* [Saved data entries]

++++

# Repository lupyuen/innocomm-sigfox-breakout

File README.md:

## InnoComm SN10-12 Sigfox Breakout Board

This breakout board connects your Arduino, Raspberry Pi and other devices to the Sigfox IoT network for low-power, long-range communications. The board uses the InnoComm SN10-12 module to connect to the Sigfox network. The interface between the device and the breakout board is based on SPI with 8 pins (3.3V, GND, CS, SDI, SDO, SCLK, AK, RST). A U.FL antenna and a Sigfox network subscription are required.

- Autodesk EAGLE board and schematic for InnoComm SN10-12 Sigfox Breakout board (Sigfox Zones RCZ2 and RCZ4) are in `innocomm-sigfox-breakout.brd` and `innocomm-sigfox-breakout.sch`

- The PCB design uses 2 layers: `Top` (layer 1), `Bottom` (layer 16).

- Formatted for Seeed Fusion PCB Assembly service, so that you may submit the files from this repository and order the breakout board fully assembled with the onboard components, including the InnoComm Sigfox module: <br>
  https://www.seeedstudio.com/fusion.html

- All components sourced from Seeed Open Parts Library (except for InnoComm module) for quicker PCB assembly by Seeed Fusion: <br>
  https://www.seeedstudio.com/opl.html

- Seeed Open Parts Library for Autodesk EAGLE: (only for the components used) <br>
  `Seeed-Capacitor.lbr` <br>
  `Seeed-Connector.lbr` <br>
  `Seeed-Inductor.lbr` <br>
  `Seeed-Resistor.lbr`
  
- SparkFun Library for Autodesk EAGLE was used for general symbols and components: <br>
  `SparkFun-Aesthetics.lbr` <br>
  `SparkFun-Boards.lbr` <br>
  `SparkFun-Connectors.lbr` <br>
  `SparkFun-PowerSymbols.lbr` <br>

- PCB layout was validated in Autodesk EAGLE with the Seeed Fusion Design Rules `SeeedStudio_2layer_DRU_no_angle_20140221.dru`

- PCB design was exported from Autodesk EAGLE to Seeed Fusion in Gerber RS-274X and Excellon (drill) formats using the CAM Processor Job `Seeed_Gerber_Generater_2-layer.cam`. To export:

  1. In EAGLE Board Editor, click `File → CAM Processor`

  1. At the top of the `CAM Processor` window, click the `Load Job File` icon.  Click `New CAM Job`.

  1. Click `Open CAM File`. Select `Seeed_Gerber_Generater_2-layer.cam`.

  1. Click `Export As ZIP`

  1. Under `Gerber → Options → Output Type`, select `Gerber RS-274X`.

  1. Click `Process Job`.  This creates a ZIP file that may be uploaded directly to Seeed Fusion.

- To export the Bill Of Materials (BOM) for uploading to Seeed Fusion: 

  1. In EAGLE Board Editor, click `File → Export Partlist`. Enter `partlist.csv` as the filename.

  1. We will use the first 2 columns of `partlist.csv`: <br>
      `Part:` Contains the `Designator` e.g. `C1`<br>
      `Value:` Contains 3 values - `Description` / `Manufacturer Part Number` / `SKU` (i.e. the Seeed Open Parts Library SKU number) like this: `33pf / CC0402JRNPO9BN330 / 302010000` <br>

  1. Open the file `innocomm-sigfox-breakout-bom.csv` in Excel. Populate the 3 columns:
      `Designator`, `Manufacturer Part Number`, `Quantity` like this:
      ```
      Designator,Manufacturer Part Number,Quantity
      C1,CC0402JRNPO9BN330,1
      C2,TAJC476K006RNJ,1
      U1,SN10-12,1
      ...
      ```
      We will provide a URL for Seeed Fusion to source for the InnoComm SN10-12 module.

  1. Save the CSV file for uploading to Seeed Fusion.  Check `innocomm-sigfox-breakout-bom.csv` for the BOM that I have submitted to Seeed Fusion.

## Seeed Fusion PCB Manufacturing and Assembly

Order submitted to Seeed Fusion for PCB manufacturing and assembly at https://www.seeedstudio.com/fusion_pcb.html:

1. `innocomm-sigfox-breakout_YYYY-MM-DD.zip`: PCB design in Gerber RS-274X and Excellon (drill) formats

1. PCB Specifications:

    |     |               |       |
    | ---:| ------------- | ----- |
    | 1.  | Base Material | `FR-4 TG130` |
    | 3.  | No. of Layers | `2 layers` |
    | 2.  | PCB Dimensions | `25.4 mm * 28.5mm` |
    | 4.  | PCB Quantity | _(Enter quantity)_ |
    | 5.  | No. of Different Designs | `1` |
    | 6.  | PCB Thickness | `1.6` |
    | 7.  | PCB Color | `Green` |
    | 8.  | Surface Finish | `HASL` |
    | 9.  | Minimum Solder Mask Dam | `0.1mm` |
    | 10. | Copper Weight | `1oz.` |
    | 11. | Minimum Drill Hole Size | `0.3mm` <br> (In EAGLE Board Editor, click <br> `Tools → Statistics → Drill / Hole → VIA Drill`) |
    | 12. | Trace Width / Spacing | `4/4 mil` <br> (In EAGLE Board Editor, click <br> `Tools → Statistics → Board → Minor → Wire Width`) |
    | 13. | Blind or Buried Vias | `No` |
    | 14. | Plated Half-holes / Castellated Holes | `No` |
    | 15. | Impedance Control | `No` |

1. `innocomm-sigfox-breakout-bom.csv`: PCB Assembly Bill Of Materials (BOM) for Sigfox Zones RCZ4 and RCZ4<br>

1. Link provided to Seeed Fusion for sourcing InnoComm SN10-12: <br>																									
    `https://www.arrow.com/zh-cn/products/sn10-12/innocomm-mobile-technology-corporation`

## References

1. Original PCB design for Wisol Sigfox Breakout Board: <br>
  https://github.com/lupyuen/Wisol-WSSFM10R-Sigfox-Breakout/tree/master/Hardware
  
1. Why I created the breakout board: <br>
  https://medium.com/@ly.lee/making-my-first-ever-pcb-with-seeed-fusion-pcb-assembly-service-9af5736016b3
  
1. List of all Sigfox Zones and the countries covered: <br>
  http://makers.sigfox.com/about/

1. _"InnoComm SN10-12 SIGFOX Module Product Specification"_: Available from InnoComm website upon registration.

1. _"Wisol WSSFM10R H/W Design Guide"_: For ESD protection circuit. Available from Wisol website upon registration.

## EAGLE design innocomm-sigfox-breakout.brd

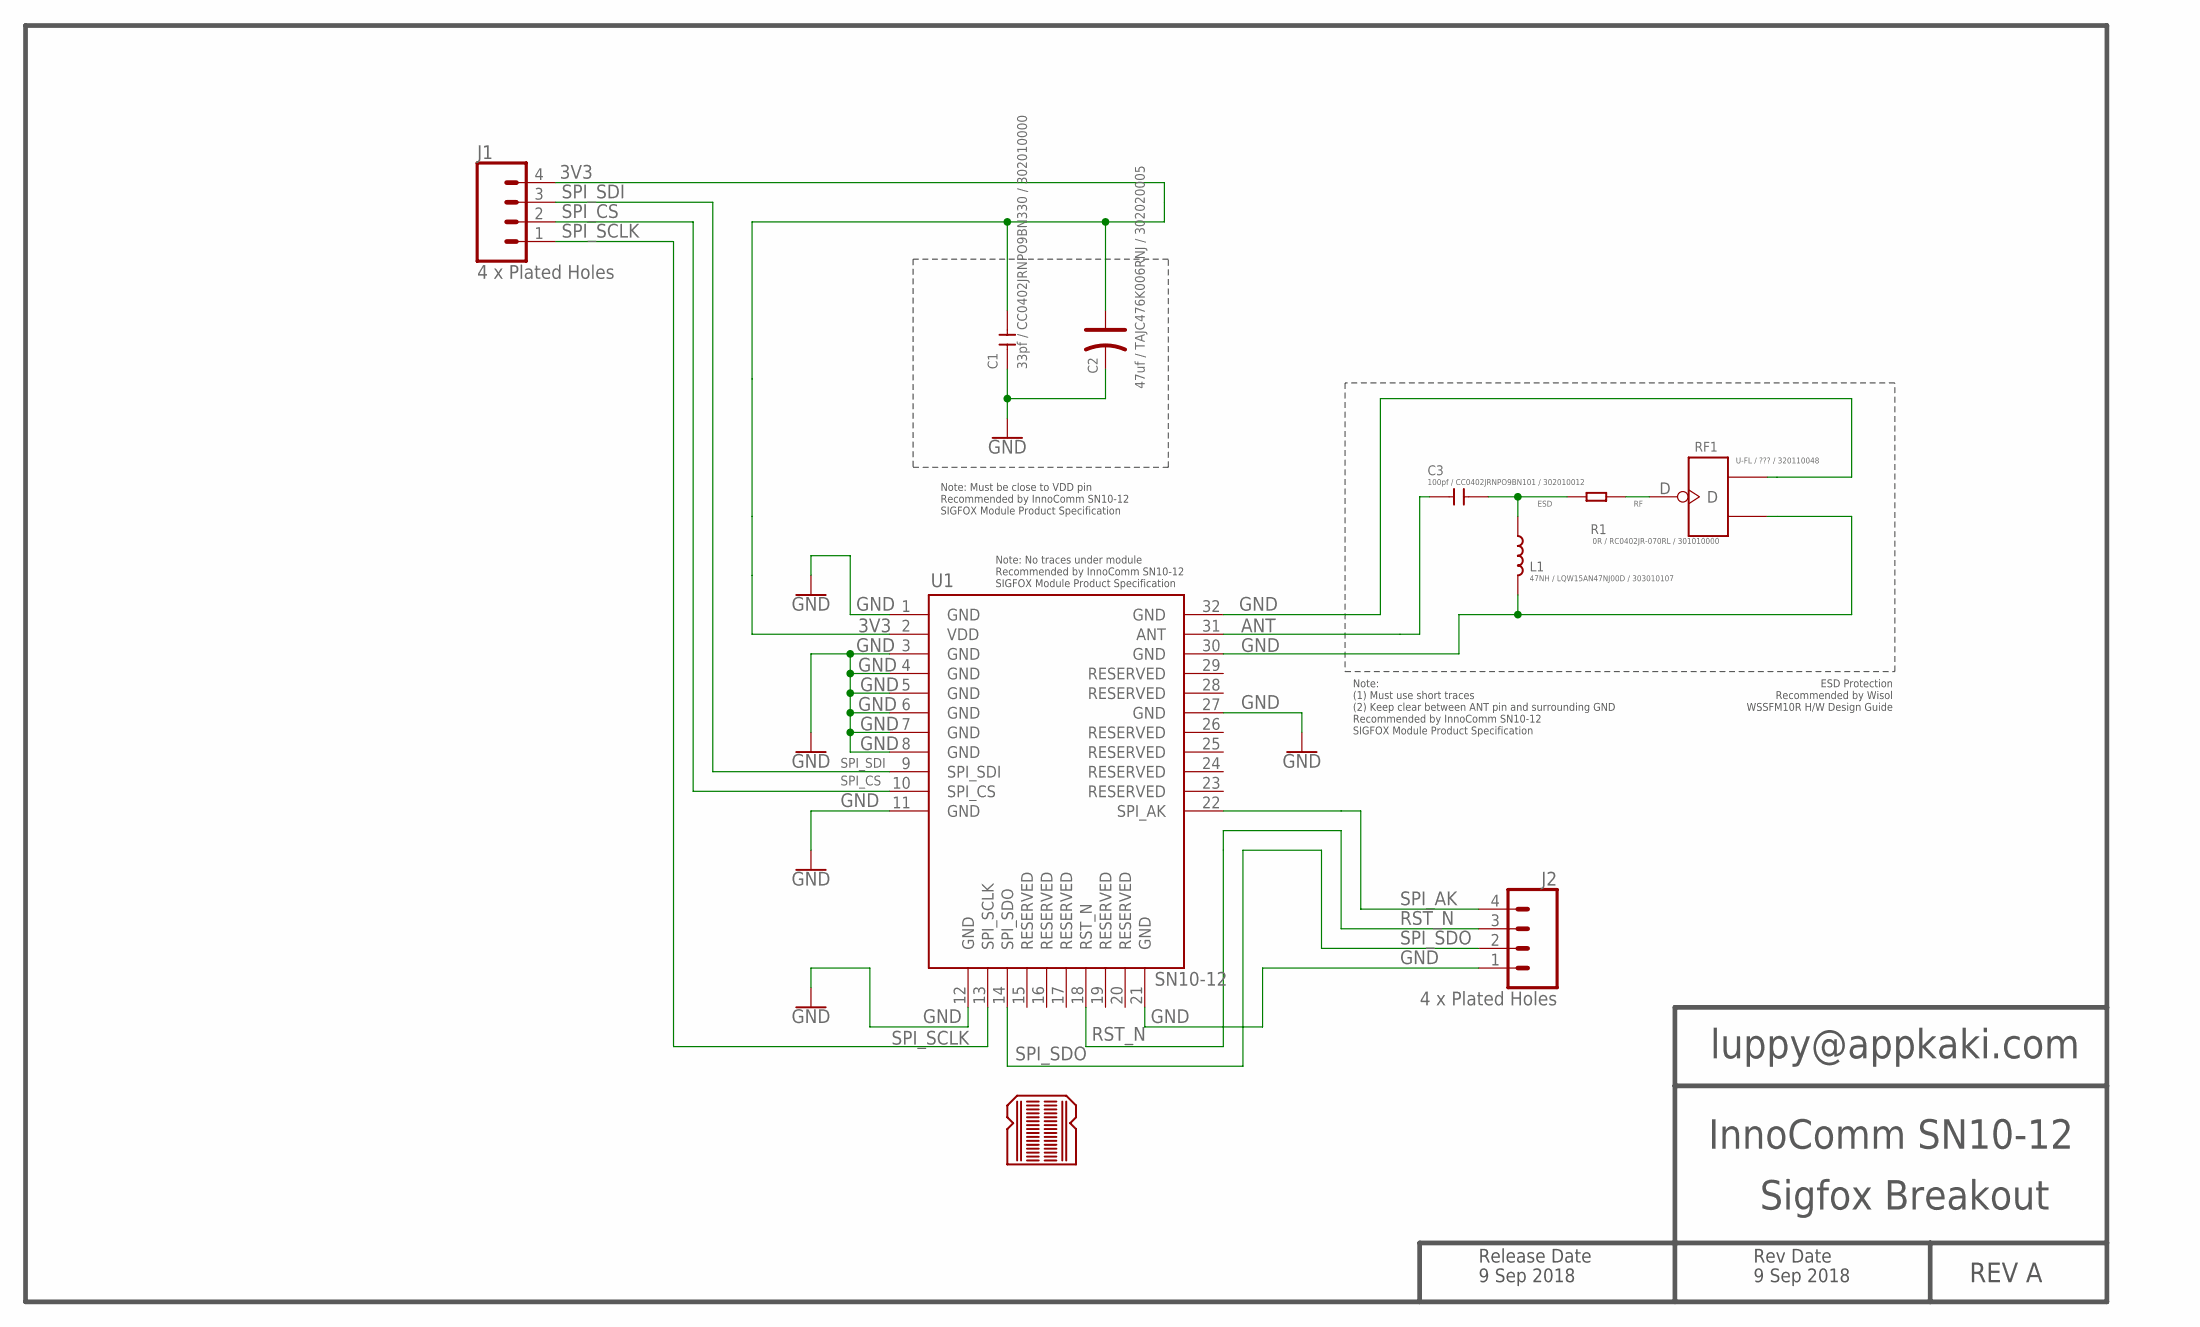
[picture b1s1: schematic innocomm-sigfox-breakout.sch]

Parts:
BREADBRD1: BREADBOARD_PATTERN; BREADBOARD_SPACING
C1: 33pf / CC0402JRNPO9BN330 / 302010000; C0402
C2: 47uf / TAJC476K006RNJ / 302020005; AVX-A; MPN TAJC476K006RNJ
C3: 100pf / CC0402JRNPO9BN101 / 302010012; C0402
J1, J2: 4 x Plated Holes; 1X04
L1: 47NH / LQW15AN47NJ00D / 303010107; L0402; MPN LQW15AN47NJ00D
R1: 0R / RC0402JR-070RL / 301010000; R0402
RF1: U-FL / ??? / 320110048; U-FL3P-SMD-2.6X2.6X1.0MM
U1: SN10-12; INNOCOMM-SN10-12; MPN SN10-12

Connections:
3V3: C1.2, C2.+, J1.4, U1.2 (VDD)
ANT: C3.1, U1.31 (ANT)
ESD: C3.2, L1.1, R1.1
GND: C1.1, C2.-, J2.1, L1.2, RF1.GND1, RF1.GND2, U1.1 (GND), U1.3 (GND), U1.4 (GND), U1.5 (GND), U1.6 (GND), U1.7 (GND), U1.8 (GND), U1.11 (GND), U1.12 (GND), U1.21 (GND), U1.27 (GND), U1.30 (GND), U1.32 (GND)
RF: R1.2, RF1.D
RST_N: J2.3, U1.18 (RST_N)
SPI_AK: J2.4, U1.22 (SPI_AK)
SPI_CS: J1.2, U1.10 (SPI_CS)
SPI_SCLK: J1.1, U1.13 (SPI_SCLK)
SPI_SDI: J1.3, U1.9 (SPI_SDI)
SPI_SDO: J2.2, U1.14 (SPI_SDO)

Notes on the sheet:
luppy@appkaki.com
InnoComm SN10-12
REV A
Sigfox Breakout
Release Date
9 Sep 2018
Rev Date
Note: Must be close to VDD pin Recommended by InnoComm SN10-12 SIGFOX Module Product Specification
Note: (1) Must use short traces (2) Keep clear between ANT pin and surrounding GND Recommended by InnoComm SN10-12 SIGFOX Module Product Specification
Note: No traces under module Recommended by InnoComm SN10-12 SIGFOX Module Product Specification
ESD Protection Recommended by Wisol WSSFM10R H/W Design Guide

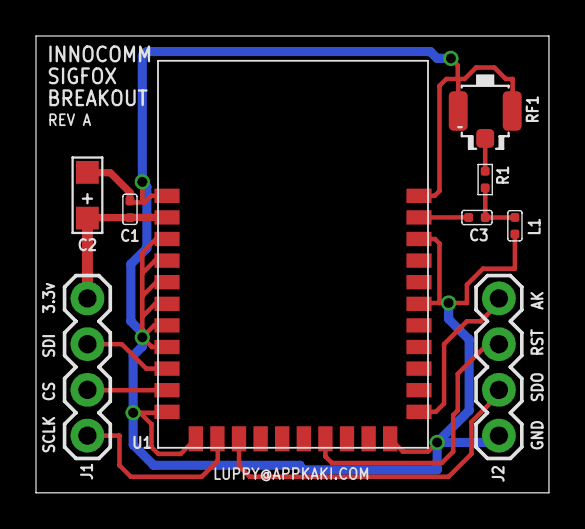
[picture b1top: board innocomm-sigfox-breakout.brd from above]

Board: 2 copper layers, 28.5 x 25.4 mm, 10 parts (0 on the bottom side), 11 nets.

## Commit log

2018-09-09 Order submitted to Seeed Fusion

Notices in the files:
parts and their libraries:
SparkFun-Connectors: Licensing: Creative Commons ShareAlike 4.0 International - https://creativecommons.org/licenses/by-sa/4.0

++++

* [Try it] Copy out all lines from the records where the word "registration" appears.

* [Problem solution]
1. _"InnoComm SN10-12 SIGFOX Module Product Specification"_: Available from InnoComm website upon registration.
1. _"Wisol WSSFM10R H/W Design Guide"_: For ESD protection circuit. Available from Wisol website upon registration.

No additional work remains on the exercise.